3.7.1 `generalCorr:` Countries NOT to show `rdgpe` causes `ctfp`

gc[gc_causality=="ctfp", unique(country)]

##  [1] "Argentina"                        "Australia"                       
##  [3] "Bolivia (Plurinational State of)" "Ecuador"                         
##  [5] "Guatemala"                        "Ireland"                         
##  [7] "Italy"                            "Kuwait"                          
##  [9] "Sri Lanka"                        "Netherlands"                     
## [11] "Trinidad and Tobago"              "Uruguay"

So if theoretically rgdpe causes ctfp, and 2 of the state of the art methodologies agree, then what causes rdgpe???

4 Finding Other Causative Variables

Reviewing the literature may offer some ability to narrow down this search based on economic theory.

4.1 Hall and Jones (1999)

Output per worker varies enormously across countries. Why? On an accounting basis our analysis shows that differences in physical capital and educational attainment can only partially explain the variation in output per worker. They find a large amount of variation in the level of the Solow residual across countries. At a deeper level, we document that the differences in capital accumulation, productivity, and therefore output per worker are driven by differences in institutions and government policies, which we call social infrastructure.
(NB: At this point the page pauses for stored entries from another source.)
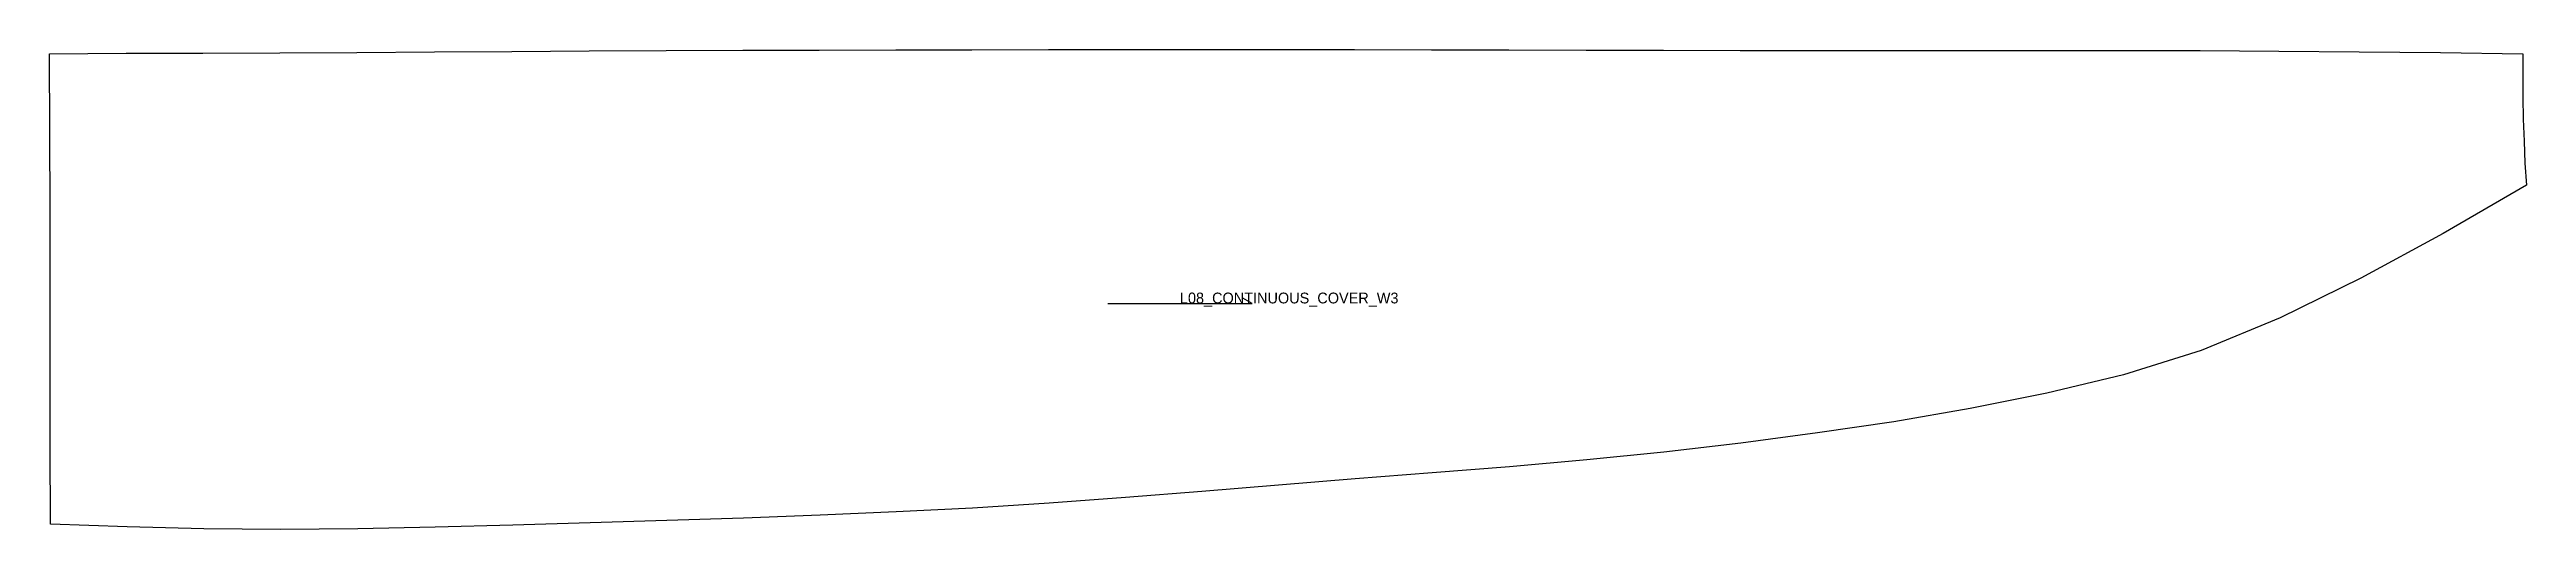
# Model space of a CAD drawing. Header units: millimetres. Extents: x 0 to 1374, y -264 to 2.
import ezdxf

# ---------------------------------------------------------------- set-up
doc = ezdxf.new("R2010")
doc.units = ezdxf.units.MM
for name, color, linetype in [('CUT', 1, 'Continuous'), ('GRAIN', 3, 'Continuous'), ('LABEL', 7, 'Continuous'), ('SEW', 5, 'Continuous')]:
    doc.layers.add(name, color=color, linetype=linetype)

msp = doc.modelspace()

# ---------------------------------------------------------------- linework, layer by layer
at = {"layer": 'CUT'}
msp.add_lwpolyline([(0, 0), (42.5, 0.2), (85.1, 0.3), (127.8, 0.5), (170.5, 0.7), (213.6, 1), (256.6, 1.2), (299.5, 1.5), (342.2, 1.7), (384.7, 1.9), (427.1, 2), (469.5, 2.1), (511.8, 2.2), (554.2, 2.3), (596.6, 2.3), (639.1, 2.3), (681.5, 2.3), (724.1, 2.3), (766.8, 2.2), (809.7, 2.1), (852.7, 2), (895.5, 1.9), (938, 1.8), (980.5, 1.8), (1022.9, 1.8), (1065.3, 1.8), (1107.8, 1.8), (1150.4, 1.8), (1193.3, 1.7), (1237, 1.4), (1281.5, 1.1), (1326.6, 0.6), (1372.3, 0), (1372.3, -12.1), (1372.4, -24.2), (1372.6, -36.3), (1373, -48.5), (1373.5, -60.7), (1374.3, -73), (1328.1, -99.8), (1282.5, -124.6), (1237.7, -146.6), (1193.8, -164.8), (1150.8, -178.3), (1108.2, -188.4), (1065.7, -196.9), (1023.3, -204.3), (980.9, -210.5), (938.4, -216.1), (895.8, -221.1), (853, -225.4), (810.1, -229.2), (767.2, -232.7), (724.4, -236), (681.9, -239.4), (639.4, -242.9), (597, -246.3), (554.6, -249.5), (512.2, -252.2), (469.8, -254.3), (427.5, -256.1), (385, -257.7), (342.5, -259.1), (299.9, -260.3), (257, -261.6), (213.9, -262.8), (171, -263.7), (128.2, -264.1), (85.6, -263.7), (43, -262.6), (0.6, -261.1), (0.4, -217.6), (0.4, -174), (0.3, -130.5), (0.3, -87), (0.2, -43.5), (0, 0)], close=True, dxfattribs=at)
at = {"layer": 'GRAIN'}
for p, q in [((667.2, -138.6), (662.2, -135.6)), ((587.2, -138.6), (667.2, -138.6))]:
    msp.add_line(p, q, dxfattribs=at)
at = {"layer": 'SEW'}
msp.add_lwpolyline([(0, 0), (42.5, 0.2), (85.1, 0.3), (127.8, 0.5), (170.5, 0.7), (213.6, 1), (256.6, 1.2), (299.5, 1.5), (342.2, 1.7), (384.7, 1.9), (427.1, 2), (469.5, 2.1), (511.8, 2.2), (554.2, 2.3), (596.6, 2.3), (639.1, 2.3), (681.5, 2.3), (724.1, 2.3), (766.8, 2.2), (809.7, 2.1), (852.7, 2), (895.5, 1.9), (938, 1.8), (980.5, 1.8), (1022.9, 1.8), (1065.3, 1.8), (1107.8, 1.8), (1150.4, 1.8), (1193.3, 1.7), (1237, 1.4), (1281.5, 1.1), (1326.6, 0.6), (1372.3, 0), (1372.3, -12.1), (1372.4, -24.2), (1372.6, -36.3), (1373, -48.5), (1373.5, -60.7), (1374.3, -73), (1328.1, -99.8), (1282.5, -124.6), (1237.7, -146.6), (1193.8, -164.8), (1150.8, -178.3), (1108.2, -188.4), (1065.7, -196.9), (1023.3, -204.3), (980.9, -210.5), (938.4, -216.1), (895.8, -221.1), (853, -225.4), (810.1, -229.2), (767.2, -232.7), (724.4, -236), (681.9, -239.4), (639.4, -242.9), (597, -246.3), (554.6, -249.5), (512.2, -252.2), (469.8, -254.3), (427.5, -256.1), (385, -257.7), (342.5, -259.1), (299.9, -260.3), (257, -261.6), (213.9, -262.8), (171, -263.7), (128.2, -264.1), (85.6, -263.7), (43, -262.6), (0.6, -261.1), (0.4, -217.6), (0.4, -174), (0.3, -130.5), (0.3, -87), (0.2, -43.5)], close=True, dxfattribs=at)

# ---------------------------------------------------------------- texts
at = {"layer": 'LABEL'}
msp.add_text('L08_CONTINUOUS_COVER_W3', height=6, dxfattribs=at).set_placement((627.2, -138.6))

doc.saveas('drawing.dxf')

We treat social infrastructure as endogenous, determined historically by location and other factors captured in part by language.

We can cluster the rdgpe by location, or latitude, and test to see if there are statistically significant differences in the distributions of the average member nation. We will cluster the countries by latitude and then transform rdgpe to a growth rate for normalization across countries.

4.1.1 Step 6: Incorporate Longitudinal Data

capitals <- read.csv(file = "tables.csv", sep = ",")

capitals$Longitude <- as.numeric(gsub("[NE]$", "",gsub("^(.*)[WS]$", "-\\1", capitals$Longitude)))
capitals$Latitude <- as.numeric(gsub("[NE]$", "",gsub("^(.*)[WS]$", "-\\1", capitals$Latitude)))

country_list <- sort(unique(pwt[country%in%capitals$Country,]$country))

pwt_3 <- pwt[country%in%country_list, ]

colnames(capitals) <- tolower(colnames(capitals))
pwt_3 <- merge(pwt_3, capitals, by="country")

tail(pwt_3)

country<chr>	countrycode<chr>	currency_unit<chr>	year<int>	rgdpe<dbl>	rgdpo<dbl>	pop<dbl>	emp<dbl>	avh<dbl>
Zimbabwe	ZWE	US Dollar	2012	26144.06	26444.04	14.71083	7.616010	NA
Zimbabwe	ZWE	US Dollar	2013	28086.94	28329.81	15.05451	7.914061	NA
Zimbabwe	ZWE	US Dollar	2014	29217.55	29355.76	15.41168	8.222112	NA
Zimbabwe	ZWE	US Dollar	2015	30091.92	29150.75	15.77745	8.530669	NA
Zimbabwe	ZWE	US Dollar	2016	30974.29	29420.45	16.15036	8.839398	NA
Zimbabwe	ZWE	US Dollar	2017	32693.47	30940.82	16.52990	9.181251	NA

6 rows | 1-9 of 56 columns

rate <- function(x) x/shift(x)-1

pwt_3[, "growth_rate" := lapply(.SD, rate), by = country, .SDcols = "rgdpe"]
pwt_3[, "mean_growth_rate" := lapply(.SD, mean, na.rm = TRUE), by = country, .SDcols = "growth_rate"]

plot(pwt_3$latitude, pwt_3$mean_growth_rate, xlab="Latitude", ylab = "Growth Rate")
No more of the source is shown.